## TASK PROMPT
Can you return the records below exactly as they stand, but only from the first line through the one with "140.97 87.63 180)"?

## AVAILABLE RECORDS
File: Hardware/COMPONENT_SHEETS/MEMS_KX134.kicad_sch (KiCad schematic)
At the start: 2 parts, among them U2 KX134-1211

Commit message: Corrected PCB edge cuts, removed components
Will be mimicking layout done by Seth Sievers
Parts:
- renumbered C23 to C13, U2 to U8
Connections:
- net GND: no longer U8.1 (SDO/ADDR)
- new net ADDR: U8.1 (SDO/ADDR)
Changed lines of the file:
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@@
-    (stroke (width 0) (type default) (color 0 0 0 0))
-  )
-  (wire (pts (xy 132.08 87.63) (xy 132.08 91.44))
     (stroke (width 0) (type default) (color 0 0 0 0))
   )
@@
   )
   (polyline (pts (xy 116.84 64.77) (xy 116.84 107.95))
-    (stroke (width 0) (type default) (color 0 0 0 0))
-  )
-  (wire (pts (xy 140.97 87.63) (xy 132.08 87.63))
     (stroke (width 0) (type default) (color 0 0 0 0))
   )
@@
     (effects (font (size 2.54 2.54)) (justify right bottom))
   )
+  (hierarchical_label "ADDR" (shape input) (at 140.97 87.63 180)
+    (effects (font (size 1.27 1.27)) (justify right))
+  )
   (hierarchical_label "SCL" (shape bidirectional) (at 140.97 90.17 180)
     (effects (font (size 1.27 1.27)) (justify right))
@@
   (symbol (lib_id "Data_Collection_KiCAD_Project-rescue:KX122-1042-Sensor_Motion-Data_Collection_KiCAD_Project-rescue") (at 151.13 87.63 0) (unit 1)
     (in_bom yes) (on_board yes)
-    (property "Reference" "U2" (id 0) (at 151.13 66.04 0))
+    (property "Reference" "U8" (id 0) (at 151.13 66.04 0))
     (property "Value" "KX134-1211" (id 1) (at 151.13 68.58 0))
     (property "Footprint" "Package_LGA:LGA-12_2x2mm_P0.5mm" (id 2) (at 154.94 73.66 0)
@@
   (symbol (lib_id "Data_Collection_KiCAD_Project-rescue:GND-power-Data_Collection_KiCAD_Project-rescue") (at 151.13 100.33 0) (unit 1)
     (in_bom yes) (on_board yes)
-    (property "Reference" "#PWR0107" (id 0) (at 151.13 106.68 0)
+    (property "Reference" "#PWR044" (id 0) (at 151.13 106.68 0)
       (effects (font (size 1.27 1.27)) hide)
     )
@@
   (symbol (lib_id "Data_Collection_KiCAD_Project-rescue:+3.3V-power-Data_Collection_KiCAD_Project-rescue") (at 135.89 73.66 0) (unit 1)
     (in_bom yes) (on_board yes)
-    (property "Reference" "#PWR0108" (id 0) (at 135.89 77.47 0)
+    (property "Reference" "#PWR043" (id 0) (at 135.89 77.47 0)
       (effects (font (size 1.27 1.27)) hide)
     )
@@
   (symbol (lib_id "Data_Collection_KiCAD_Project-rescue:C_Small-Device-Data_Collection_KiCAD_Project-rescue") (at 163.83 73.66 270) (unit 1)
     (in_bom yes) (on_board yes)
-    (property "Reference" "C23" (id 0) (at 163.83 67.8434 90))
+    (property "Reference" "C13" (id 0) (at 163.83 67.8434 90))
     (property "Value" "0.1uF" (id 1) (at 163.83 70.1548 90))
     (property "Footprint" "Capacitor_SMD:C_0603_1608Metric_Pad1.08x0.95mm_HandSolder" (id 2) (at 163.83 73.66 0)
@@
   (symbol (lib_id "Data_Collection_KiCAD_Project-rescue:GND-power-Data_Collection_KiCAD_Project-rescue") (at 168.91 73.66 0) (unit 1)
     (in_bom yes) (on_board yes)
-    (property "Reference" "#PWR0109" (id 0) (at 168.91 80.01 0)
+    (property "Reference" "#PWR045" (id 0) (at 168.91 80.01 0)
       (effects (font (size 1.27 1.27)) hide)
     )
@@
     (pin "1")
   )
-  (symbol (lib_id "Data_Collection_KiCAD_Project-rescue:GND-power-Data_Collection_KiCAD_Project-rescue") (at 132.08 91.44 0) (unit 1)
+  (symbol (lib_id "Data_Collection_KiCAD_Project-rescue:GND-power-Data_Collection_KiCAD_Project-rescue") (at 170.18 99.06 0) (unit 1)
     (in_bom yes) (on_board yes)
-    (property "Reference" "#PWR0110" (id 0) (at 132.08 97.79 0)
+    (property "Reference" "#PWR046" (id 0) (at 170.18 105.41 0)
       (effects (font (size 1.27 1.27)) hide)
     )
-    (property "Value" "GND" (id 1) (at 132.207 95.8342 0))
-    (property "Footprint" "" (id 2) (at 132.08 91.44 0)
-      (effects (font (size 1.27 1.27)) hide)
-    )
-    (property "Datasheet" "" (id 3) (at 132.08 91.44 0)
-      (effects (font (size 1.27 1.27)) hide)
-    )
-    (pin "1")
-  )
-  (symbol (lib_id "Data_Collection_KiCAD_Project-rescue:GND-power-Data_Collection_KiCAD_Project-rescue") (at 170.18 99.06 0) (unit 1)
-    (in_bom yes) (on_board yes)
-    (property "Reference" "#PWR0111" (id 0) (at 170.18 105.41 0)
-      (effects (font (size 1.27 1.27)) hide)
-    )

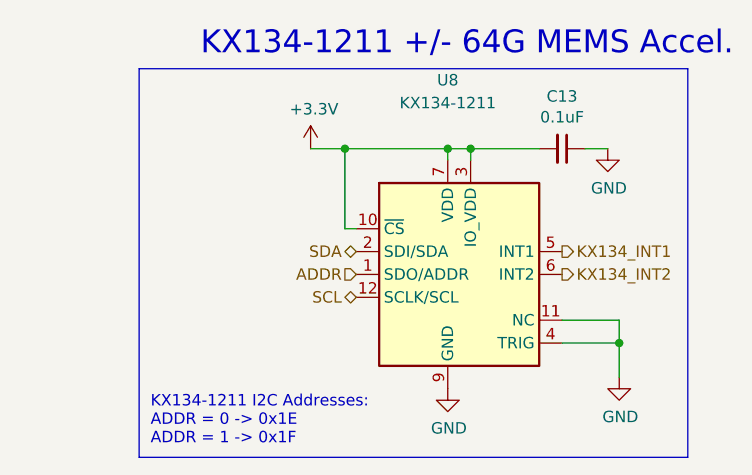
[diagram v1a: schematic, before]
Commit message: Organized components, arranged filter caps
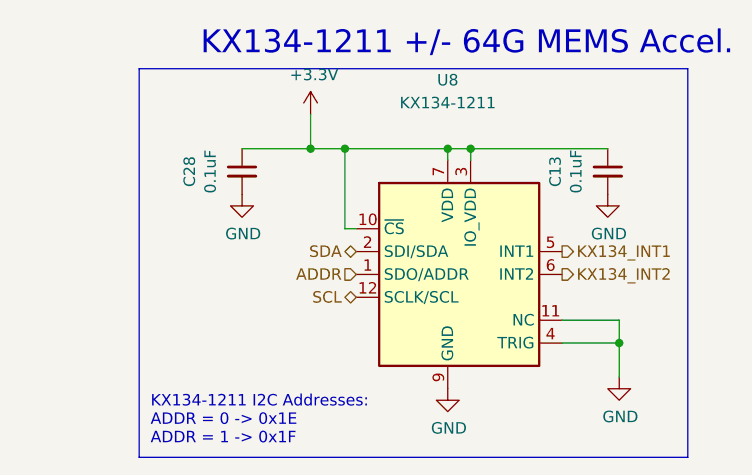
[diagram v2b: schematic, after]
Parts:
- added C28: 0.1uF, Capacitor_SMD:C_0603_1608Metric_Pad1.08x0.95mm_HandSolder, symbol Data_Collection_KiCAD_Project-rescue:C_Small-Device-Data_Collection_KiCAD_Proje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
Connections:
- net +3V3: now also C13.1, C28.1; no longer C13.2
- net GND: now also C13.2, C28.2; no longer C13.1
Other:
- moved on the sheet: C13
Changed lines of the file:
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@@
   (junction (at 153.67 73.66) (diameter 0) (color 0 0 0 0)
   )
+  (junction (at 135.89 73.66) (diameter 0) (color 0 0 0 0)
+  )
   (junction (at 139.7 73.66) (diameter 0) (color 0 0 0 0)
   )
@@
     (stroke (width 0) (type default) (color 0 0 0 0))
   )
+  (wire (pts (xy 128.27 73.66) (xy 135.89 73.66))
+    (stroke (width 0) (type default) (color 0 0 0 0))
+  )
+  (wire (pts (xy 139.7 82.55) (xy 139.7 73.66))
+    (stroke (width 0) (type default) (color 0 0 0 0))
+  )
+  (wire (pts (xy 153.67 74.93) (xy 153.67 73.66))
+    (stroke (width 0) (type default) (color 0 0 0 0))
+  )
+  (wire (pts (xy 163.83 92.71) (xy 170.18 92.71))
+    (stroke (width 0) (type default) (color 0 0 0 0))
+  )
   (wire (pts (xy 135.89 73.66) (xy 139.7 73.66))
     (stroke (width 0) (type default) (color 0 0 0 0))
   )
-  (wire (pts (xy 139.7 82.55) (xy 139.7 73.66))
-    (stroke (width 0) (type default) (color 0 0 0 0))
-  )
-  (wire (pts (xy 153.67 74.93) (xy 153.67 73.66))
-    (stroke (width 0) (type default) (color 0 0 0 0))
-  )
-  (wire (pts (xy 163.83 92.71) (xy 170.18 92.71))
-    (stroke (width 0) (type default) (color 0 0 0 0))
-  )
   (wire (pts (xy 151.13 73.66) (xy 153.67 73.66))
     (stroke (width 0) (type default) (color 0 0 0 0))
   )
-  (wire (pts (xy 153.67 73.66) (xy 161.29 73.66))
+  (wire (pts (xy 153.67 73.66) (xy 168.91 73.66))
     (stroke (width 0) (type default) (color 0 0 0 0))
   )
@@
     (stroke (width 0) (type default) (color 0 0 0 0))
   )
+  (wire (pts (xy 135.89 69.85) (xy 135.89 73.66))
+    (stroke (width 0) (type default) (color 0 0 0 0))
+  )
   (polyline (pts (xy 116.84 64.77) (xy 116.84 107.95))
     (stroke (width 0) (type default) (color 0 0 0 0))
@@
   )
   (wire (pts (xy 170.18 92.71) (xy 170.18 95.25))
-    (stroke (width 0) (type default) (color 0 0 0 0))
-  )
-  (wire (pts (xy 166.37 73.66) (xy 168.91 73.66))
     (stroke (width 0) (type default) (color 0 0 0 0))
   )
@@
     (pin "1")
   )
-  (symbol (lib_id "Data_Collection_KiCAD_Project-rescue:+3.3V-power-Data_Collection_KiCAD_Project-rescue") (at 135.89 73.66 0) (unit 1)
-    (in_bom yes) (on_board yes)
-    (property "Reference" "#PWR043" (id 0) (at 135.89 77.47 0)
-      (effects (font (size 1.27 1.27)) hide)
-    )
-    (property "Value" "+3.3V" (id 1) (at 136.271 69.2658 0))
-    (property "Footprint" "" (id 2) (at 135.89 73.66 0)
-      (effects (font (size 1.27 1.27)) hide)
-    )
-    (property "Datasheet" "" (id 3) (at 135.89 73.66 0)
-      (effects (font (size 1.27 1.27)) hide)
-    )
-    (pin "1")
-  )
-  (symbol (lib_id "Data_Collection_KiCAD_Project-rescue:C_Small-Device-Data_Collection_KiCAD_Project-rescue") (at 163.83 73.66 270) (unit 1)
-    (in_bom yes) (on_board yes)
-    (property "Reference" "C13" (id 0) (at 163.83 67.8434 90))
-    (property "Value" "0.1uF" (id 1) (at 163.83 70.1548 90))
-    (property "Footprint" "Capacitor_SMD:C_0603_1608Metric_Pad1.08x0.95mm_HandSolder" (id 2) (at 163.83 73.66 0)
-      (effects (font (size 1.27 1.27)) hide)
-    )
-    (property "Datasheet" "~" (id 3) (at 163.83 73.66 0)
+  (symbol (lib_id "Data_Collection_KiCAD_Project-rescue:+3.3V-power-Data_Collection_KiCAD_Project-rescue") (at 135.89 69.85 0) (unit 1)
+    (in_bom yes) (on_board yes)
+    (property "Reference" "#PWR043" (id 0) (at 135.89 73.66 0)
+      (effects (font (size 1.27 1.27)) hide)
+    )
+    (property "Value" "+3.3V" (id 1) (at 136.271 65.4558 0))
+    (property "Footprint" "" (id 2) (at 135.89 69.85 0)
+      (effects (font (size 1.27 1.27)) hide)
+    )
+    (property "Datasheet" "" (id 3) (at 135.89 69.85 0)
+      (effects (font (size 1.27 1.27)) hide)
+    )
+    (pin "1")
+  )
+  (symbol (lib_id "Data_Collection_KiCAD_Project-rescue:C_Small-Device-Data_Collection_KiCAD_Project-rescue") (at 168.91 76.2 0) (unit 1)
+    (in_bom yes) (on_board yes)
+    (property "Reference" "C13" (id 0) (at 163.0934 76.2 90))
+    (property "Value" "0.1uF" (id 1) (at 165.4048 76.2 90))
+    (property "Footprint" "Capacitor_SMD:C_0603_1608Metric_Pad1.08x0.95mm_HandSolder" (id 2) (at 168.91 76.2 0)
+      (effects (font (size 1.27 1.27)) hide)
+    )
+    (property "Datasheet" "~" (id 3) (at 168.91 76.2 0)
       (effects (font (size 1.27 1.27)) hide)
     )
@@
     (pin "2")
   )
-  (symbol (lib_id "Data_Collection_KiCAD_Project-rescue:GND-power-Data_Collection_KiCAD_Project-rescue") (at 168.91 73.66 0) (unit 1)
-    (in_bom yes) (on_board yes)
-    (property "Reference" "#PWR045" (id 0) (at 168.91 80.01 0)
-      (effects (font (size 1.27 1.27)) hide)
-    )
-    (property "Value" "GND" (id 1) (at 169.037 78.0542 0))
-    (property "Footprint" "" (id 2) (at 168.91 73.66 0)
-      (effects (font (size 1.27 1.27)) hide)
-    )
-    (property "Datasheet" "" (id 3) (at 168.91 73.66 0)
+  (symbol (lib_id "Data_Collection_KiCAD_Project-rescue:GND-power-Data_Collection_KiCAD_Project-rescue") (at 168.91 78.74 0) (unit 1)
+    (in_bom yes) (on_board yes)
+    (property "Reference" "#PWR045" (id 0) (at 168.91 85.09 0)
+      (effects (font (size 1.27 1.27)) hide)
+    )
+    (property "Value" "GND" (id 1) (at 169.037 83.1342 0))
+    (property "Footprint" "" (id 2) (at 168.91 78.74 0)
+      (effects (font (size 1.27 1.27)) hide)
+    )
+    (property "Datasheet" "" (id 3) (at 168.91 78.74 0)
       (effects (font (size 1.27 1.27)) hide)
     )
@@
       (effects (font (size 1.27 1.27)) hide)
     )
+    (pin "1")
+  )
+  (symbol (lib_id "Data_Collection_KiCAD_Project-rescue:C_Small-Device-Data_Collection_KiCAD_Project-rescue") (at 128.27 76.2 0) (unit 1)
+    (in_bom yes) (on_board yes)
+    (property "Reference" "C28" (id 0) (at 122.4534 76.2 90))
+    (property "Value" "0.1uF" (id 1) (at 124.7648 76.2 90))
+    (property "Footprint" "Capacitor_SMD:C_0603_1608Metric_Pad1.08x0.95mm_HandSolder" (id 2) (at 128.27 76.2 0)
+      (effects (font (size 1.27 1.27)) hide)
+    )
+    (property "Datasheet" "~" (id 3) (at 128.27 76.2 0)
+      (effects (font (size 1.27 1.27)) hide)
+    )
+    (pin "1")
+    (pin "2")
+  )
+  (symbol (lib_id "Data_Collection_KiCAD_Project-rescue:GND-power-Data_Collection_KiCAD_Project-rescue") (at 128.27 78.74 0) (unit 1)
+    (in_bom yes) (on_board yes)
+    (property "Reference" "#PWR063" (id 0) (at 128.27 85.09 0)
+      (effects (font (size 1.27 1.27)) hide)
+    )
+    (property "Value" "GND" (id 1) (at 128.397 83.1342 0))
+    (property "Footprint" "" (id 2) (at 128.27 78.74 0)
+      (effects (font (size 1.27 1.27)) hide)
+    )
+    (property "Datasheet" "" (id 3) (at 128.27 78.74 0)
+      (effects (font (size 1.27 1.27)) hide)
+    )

## REPLY TO THE TASK
File: Hardware/COMPONENT_SHEETS/MEMS_KX134.kicad_sch (KiCad schematic)
At the start: 2 parts, among them U2 KX134-1211

Commit message: Corrected PCB edge cuts, removed components
Will be mimicking layout done by Seth Sievers
Parts:
- renumbered C23 to C13, U2 to U8
Connections:
- net GND: no longer U8.1 (SDO/ADDR)
- new net ADDR: U8.1 (SDO/ADDR)
Changed lines of the file:
@@
-    (stroke (width 0) (type default) (color 0 0 0 0))
-  )
-  (wire (pts (xy 132.08 87.63) (xy 132.08 91.44))
     (stroke (width 0) (type default) (color 0 0 0 0))
   )
@@
   )
   (polyline (pts (xy 116.84 64.77) (xy 116.84 107.95))
-    (stroke (width 0) (type default) (color 0 0 0 0))
-  )
-  (wire (pts (xy 140.97 87.63) (xy 132.08 87.63))
     (stroke (width 0) (type default) (color 0 0 0 0))
   )
@@
     (effects (font (size 2.54 2.54)) (justify right bottom))
   )
+  (hierarchical_label "ADDR" (shape input) (at 140.97 87.63 180)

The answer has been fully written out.